ERF Online: Herr Diener, bevor wir auf den diesjährigen Kongress zu sprechen kommen, lassen Sie uns kurz Rückblick halten. Welche Auswirkungen hatten der erste Kongress 1974 in Lausanne und der zweite 1989 in Manila auf Gemeinden und Kirchen in Deutschland aber auch weltweit?

Michael Diener: 1974 war ich erst zwölf Jahre alt, deswegen kann ich nicht wirklich behaupten, die damaligen Geschehnisse mitbekommen zu haben. Aber ich erinnere mich, dass die Menschen, die damals dabei waren, immer so verklärte Augen bekamen, wenn sie Lausanne in den Mund nahmen. Zu der Zeit ist es wirklich gelungen, das Thema Evangelisation als Auftrag für Christen und Christinnen in die Mitte zu rücken. Man muss verstehen, dass der Kongress 1974 eine Gegenbewegung zu dem ökumenischen Rat der Kirchen war. Dort bewegte sich der Schwerpunkt von der Evangelisation weg, hin zu anderen wesentlichen Themen wie Frieden, Gerechtigkeit oder die Bewahrung der Schöpfung Gottes.

So gesehen war Lausanne in einer gewissen Gegenposition und hat es geschafft, im weitesten Sinne die evangelikalen Christen zu einen und das Thema Evangelisation immer wieder auf die Tagesordnung zu rücken. Evangelisation wurde zur Priorität, so wie es Jesus Christus geboten hat. Diese Wirkung des ersten Lausanner Kongresses kann man gar nicht hoch genug einschätzen.

ERF Online: Die Themen für dieses Jahr gehen stark in die Richtung soziale Gerechtigkeit, Erneuerung der Schöpfung oder Solidarität mit den Armen. Sehen Sie darin eine Chance oder eher eine Rückwärtsbewegung?

Michael Diener: Die starke Konzentration auf das Thema Evangelisation war damals meines Erachtens nach eine Reaktion auf eine bestimmte Entwicklung in der Evangelischen Kirche, die sich zum Teil auch im Ökumenischen Rat der Kirchen widergespiegelt hat. Seitdem hat sich aber viel getan. Wir erleben in der Evangelischen Kirche in Deutschland und auch darüber hinaus eine Rückbesinnung auf das Thema Mission. Gleichzeitig erleben wir aber auch bei den Gruppen, die damals mit dem Thema Mission und Evangelisation angetreten sind, ein wachsendes Interesse an sozialen, kulturellen und politischen Themen. Von daher gibt es eine Bewegung aufeinander zu.
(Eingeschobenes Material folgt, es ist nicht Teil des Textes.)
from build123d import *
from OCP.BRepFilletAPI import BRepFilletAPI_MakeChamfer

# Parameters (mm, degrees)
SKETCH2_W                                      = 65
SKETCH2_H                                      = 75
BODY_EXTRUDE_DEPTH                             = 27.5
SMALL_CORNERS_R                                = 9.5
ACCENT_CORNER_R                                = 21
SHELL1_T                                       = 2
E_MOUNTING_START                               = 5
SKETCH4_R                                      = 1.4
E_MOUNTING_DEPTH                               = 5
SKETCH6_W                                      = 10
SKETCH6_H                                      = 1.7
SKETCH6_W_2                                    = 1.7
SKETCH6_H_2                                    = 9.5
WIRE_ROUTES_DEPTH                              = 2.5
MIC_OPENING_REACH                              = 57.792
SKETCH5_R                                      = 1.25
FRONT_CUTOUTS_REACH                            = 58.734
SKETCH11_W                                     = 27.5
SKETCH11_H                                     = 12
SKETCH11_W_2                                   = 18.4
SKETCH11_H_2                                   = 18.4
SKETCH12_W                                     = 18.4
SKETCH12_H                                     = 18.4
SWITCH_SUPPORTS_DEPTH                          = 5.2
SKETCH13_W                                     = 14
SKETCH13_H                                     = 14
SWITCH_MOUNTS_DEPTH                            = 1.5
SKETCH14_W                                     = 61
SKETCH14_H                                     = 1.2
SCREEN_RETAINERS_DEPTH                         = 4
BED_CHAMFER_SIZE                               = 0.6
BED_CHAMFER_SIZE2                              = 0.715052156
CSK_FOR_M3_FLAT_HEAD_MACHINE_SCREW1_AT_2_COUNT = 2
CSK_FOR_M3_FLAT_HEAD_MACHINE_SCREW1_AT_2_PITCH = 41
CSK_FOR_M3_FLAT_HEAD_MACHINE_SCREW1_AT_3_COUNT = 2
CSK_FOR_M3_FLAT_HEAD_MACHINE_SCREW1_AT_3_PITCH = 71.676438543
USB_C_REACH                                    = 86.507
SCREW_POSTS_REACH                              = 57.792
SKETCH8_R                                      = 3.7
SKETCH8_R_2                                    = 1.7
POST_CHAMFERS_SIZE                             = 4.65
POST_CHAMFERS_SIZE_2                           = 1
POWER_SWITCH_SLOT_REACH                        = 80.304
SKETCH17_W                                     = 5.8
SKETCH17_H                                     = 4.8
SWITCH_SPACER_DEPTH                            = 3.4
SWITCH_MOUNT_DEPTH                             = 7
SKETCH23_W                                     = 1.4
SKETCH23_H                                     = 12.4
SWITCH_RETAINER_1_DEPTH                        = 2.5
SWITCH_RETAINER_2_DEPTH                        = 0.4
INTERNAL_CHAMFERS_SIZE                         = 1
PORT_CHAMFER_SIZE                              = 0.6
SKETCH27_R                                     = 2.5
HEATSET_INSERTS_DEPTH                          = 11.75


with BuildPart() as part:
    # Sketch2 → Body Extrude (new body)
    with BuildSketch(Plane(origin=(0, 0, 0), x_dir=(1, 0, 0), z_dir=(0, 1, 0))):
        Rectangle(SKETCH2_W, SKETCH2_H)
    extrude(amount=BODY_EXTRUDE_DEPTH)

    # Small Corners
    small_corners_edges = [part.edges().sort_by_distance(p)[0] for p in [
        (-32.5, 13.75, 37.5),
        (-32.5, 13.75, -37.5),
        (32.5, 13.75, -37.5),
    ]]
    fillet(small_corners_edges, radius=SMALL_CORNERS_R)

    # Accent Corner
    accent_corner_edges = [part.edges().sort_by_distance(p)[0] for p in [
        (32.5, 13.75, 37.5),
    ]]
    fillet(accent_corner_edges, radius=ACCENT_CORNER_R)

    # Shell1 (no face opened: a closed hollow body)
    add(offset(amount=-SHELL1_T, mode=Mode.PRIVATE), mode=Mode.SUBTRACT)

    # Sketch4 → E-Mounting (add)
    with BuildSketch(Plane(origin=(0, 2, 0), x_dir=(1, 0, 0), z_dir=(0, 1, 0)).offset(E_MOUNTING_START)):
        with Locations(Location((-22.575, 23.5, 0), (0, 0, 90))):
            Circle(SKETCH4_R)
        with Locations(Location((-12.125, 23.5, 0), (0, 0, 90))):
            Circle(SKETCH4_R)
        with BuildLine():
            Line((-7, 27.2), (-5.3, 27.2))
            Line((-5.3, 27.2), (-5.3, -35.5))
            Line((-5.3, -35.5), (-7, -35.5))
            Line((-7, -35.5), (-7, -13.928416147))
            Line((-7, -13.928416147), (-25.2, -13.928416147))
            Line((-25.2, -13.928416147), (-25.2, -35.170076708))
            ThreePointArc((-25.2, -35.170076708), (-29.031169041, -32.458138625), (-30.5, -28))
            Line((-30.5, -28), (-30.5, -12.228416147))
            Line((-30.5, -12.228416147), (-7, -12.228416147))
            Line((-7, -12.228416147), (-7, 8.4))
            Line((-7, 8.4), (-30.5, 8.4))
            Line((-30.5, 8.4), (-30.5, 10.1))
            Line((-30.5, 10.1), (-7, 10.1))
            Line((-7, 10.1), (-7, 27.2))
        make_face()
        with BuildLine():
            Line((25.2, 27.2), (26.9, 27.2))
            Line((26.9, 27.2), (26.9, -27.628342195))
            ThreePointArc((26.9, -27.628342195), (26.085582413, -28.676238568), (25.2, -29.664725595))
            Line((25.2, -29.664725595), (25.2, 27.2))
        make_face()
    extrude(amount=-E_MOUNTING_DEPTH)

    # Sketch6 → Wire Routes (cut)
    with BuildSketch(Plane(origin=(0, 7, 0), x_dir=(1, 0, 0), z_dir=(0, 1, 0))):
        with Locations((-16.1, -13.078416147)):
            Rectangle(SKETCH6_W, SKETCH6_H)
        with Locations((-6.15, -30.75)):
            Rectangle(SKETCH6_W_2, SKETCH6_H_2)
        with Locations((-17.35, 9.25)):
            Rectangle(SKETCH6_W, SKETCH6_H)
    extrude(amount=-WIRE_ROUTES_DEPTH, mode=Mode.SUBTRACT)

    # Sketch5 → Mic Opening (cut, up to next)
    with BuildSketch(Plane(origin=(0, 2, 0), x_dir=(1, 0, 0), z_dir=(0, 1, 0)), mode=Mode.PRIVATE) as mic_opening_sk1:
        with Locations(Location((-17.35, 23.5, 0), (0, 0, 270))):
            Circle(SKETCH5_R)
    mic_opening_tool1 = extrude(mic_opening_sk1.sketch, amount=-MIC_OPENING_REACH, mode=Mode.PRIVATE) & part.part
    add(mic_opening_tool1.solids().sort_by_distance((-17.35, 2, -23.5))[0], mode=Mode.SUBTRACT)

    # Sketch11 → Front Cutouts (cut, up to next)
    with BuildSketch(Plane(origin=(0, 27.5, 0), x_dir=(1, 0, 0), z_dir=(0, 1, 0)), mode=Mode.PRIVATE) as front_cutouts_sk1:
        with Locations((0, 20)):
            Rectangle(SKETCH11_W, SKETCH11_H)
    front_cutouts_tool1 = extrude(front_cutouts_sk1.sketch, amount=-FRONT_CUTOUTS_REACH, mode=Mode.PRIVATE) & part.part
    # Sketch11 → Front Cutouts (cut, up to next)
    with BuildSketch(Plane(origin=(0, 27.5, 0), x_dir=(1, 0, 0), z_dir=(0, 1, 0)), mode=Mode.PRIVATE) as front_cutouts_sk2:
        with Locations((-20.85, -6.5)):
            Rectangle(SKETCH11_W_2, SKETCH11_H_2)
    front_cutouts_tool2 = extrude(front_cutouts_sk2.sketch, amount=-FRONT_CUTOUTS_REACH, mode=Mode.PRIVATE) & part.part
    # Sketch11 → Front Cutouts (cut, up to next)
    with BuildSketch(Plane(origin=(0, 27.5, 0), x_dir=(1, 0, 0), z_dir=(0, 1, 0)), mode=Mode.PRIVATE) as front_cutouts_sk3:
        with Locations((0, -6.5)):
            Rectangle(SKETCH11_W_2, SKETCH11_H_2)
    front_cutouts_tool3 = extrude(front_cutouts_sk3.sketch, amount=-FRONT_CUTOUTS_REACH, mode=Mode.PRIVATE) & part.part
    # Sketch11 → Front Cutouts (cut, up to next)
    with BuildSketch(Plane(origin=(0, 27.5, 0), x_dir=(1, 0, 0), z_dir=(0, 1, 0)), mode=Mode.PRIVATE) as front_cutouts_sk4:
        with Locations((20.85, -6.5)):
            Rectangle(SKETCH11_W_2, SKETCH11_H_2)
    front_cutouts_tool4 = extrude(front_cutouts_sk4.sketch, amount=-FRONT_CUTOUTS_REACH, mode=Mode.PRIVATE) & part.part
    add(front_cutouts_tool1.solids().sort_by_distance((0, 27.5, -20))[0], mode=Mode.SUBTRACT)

Ich sehe diese Entwicklung ohne große Besorgnis, da auch der Nachfolgekongress 1989 in Manila in Zeugnis und Wort festgeklopft hat, dass das Thema Evangelisation eine bleibende Priorität hat. Der Kongress hat aber ebenso gezeigt, dass sich Evangelisation auch mit der Tat verbinden muss, so wie wir das auch im Handeln und Reden Jesu finden. Ich freue mich darüber, dass die Dinge näher zueinander rücken.

Auf der Homepage der Lausanner Bewegung finden Sie alle wichtigen Informationen, von der Lausanner Verpflichtung bis hin zu den Referaten von Kapstadt. Außerdem können Sie bei den Lausanner Globalen Gesprächen selbst mitdiskutieren oder sich über die Twitterwall „Capetown 2010“ direkte Eindrücke verschaffen. Möchten Sie den Kongress an einem der elf Übertragungsorte in Deutschland verfolgen, können Sie hier die genauen Adressen erfahren.

ERF Online: Das Thema Mission steht immer wieder unter Generalverdacht. Man befürchtet, evangelikale Christen wollten anderen Völkern ihre Kultur überstülpen. Wie schätzen Sie das in Blick auf Kapstadt ein?

Michael Diener: Erstmal finde ich es toll, dass bei diesem Kongress Teilnehmer aus 200 Ländern kommen werden, dass die sogenannten 'anderen Kulturen' in Kapstadt vertreten sind. Allerdings gibt es im Vergleich zu Lausanne eine Verschiebung. Damals kam der überwiegende Teil der Teilnehmer aus Europa oder Amerika, diesmal werden die meisten Menschen aus der sogenannten Zweidrittelwelt kommen. Damals waren die charismatischen Christen und Christinnen in der Minderheit, heute werden sie mit Sicherheit eine viel stärkere Gruppe sein. Dieser Kongress spiegelt also eine veränderte Sicht auch auf die evangelikale Christenheit wider.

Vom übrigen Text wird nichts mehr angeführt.